We have continued to observe stable workloads and the cluster remains healthy. Engineering has completed coordination and communication efforts with the third-party vendor and, as such, we are considering this issue resolved.
No further updates.
Posted Mar 08, 2023 - 13:19 UTC
Update
We're continuing to monitor our prod-us-central-0 cluster. The cluster is healthy, workloads are stable.
Posted Mar 07, 2023 - 00:18 UTC
Monitoring
Engineering has made a change to mitigate the issue. As of 16:22 UTC, pods in the us-prod-central-0 cluster have entered into an appropriate state and are exhibiting normal behavior. Instances in the us-prod-central-0 cluster should no longer experience adverse behavior.
We will continue to monitor at this time.
Posted Mar 03, 2023 - 16:30 UTC
Identified
As of 15:45 UTC, we have observed pods re-entering a poor state within the us-prod-central-0 cluster, only. The underlying issue is stemming from a third-party vendor, and Engineering is actively engaged to restore functionality.
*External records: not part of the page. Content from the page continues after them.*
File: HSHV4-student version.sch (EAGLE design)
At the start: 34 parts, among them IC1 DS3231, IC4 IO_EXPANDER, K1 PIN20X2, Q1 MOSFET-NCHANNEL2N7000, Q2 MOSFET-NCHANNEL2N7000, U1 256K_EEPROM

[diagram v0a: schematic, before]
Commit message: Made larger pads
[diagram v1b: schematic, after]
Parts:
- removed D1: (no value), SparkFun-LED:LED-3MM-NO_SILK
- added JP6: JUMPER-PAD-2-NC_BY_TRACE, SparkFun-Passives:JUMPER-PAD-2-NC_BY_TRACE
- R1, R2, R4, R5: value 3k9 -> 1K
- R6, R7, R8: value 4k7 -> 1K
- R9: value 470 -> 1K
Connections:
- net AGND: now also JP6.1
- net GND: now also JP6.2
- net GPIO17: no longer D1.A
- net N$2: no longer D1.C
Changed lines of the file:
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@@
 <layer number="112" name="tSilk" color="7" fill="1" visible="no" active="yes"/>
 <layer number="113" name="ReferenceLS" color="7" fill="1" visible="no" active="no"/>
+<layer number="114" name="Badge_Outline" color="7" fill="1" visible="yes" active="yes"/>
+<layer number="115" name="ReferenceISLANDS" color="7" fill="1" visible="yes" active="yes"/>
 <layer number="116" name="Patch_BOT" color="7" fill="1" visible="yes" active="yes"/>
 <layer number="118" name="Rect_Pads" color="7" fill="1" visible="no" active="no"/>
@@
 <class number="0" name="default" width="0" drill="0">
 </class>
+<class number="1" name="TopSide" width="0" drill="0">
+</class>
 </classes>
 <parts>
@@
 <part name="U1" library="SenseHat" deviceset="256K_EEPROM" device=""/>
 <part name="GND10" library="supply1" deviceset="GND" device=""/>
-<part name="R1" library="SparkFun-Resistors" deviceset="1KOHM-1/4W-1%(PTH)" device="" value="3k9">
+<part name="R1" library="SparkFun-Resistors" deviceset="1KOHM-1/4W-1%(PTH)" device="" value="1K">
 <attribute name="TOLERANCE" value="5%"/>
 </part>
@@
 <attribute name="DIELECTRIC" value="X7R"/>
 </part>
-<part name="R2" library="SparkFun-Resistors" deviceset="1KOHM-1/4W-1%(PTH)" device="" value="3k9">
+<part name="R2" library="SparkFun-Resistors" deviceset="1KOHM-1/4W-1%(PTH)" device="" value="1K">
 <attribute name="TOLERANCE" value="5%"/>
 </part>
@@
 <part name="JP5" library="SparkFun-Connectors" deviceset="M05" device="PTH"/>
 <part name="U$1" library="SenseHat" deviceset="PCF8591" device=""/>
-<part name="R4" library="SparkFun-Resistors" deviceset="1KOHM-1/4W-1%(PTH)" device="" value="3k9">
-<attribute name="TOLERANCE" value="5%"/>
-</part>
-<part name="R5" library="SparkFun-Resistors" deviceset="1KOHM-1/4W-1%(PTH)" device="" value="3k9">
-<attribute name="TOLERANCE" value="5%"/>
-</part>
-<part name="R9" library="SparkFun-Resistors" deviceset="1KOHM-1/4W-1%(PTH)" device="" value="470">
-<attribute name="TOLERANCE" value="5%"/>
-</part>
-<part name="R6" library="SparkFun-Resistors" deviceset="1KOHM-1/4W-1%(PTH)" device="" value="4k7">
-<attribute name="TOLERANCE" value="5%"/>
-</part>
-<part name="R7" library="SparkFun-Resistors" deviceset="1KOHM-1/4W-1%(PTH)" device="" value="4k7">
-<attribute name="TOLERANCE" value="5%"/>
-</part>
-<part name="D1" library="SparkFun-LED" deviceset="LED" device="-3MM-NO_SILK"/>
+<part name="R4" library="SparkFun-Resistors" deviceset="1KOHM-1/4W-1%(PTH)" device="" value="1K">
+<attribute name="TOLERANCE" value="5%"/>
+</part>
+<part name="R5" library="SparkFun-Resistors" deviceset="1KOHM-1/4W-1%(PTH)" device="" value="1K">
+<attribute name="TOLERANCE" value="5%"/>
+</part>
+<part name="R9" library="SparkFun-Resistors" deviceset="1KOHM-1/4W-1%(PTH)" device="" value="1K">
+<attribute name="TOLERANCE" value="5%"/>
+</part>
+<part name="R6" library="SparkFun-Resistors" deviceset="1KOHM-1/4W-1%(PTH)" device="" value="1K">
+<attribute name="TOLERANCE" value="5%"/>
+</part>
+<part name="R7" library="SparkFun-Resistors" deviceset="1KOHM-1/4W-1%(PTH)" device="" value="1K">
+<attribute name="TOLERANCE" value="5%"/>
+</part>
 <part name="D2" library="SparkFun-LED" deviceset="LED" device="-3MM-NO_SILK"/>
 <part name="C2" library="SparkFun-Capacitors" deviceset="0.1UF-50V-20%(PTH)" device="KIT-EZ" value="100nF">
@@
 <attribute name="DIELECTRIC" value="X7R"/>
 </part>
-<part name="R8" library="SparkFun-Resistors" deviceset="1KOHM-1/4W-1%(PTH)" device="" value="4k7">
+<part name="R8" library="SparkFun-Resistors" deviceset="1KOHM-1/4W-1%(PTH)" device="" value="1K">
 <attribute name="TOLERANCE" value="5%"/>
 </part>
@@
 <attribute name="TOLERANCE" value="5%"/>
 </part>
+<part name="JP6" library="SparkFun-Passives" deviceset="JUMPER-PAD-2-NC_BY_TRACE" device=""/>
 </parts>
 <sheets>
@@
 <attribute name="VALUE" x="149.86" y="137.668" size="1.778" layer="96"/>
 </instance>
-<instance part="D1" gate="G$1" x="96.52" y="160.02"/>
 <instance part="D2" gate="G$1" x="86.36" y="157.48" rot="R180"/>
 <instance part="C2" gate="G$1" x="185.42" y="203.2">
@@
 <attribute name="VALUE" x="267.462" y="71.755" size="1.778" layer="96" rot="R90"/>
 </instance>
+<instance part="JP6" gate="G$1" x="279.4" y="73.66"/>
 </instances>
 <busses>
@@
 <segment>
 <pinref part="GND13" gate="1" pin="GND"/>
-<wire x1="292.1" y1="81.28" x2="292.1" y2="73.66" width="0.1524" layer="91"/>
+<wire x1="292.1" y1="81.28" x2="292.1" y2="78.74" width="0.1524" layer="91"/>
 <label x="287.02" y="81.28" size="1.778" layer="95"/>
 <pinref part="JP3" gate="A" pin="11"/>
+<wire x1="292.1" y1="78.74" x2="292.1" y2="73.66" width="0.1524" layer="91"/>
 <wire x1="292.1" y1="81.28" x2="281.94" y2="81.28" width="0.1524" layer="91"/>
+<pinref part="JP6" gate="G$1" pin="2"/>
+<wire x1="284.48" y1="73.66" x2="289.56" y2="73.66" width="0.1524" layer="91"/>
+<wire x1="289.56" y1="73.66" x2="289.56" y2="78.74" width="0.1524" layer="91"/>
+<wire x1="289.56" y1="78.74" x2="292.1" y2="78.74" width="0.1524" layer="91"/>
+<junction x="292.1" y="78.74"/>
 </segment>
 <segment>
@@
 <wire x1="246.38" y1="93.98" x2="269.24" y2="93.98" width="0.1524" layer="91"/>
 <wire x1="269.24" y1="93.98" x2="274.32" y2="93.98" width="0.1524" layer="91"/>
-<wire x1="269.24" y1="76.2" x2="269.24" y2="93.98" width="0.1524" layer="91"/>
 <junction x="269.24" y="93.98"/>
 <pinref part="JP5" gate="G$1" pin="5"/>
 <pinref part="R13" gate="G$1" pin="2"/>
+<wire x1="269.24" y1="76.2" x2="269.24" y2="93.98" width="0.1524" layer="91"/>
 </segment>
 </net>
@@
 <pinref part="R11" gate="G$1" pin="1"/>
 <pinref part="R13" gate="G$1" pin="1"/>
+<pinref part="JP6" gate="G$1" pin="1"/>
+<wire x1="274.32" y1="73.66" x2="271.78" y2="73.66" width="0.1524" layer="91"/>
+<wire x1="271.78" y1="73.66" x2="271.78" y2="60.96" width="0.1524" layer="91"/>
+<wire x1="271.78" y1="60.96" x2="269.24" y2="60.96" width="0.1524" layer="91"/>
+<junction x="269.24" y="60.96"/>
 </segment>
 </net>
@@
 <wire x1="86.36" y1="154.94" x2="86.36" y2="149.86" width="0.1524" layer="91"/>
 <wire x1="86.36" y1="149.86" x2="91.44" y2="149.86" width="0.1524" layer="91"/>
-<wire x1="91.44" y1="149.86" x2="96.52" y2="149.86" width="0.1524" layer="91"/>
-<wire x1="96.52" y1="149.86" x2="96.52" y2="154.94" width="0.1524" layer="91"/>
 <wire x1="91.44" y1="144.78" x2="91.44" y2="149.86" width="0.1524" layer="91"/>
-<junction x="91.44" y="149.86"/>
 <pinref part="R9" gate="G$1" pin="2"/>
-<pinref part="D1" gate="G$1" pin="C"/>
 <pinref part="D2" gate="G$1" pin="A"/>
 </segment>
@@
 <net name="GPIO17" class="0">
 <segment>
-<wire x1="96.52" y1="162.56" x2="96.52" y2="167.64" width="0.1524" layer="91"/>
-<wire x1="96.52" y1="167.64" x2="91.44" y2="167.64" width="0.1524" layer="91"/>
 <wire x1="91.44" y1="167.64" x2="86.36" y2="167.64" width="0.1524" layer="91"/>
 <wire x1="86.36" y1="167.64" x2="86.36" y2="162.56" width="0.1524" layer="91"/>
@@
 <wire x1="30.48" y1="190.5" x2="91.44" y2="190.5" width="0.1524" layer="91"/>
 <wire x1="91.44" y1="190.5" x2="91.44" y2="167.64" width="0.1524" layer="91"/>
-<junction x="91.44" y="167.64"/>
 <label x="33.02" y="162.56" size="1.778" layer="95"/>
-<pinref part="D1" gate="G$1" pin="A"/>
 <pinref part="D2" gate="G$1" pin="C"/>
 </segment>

Instances within the us-prod-central-0 cluster may experience an inability to initialize or start. We will continue to provide updates as we learn more and undertake mitigation efforts.
Posted Mar 03, 2023 - 16:01 UTC
Update
Engineering continues to engage with the third-party vendor while we await further details surrounding root cause.
We've continued to observe normal pod behaviors and will continue to monitor.
Posted Mar 02, 2023 - 20:36 UTC
Update
We continue to observe normal pod behavior and instance functionality for the us-prod-central-0 cluster.
We will continue to monitor the state of this issue, pending information from the third-party vendor surrounding details of the poor cluster behavior.
Posted Mar 01, 2023 - 22:58 UTC
Monitoring
Engineering has made a change to mitigate the issue. As of 21:40 UTC, pods in the us-prod-central-0 cluster have entered into an appropriate state and are exhibiting normal behavior. Instances in the us-prod-central-0 cluster should no longer experience adverse behavior.
We will continue to monitor the state of this issue and relay any additional updates.
Posted Mar 01, 2023 - 21:48 UTC
Identified
As of 20:44 UTC, we were alerted to a quantity of pods entering a poor state within the us-prod-central-0 cluster, only. The underlying issue is stemming from a third-party vendor, and Engineering is actively engaged to restore functionality.
Instances within the us-prod-central-0 cluster may experience an inability to initialize or start. We will continue to provide updates as we learn more.
Posted Mar 01, 2023 - 20:56 UTC
This incident affected: Grafana Cloud: Hosted Grafana (GCP US Central - prod-us-central-0).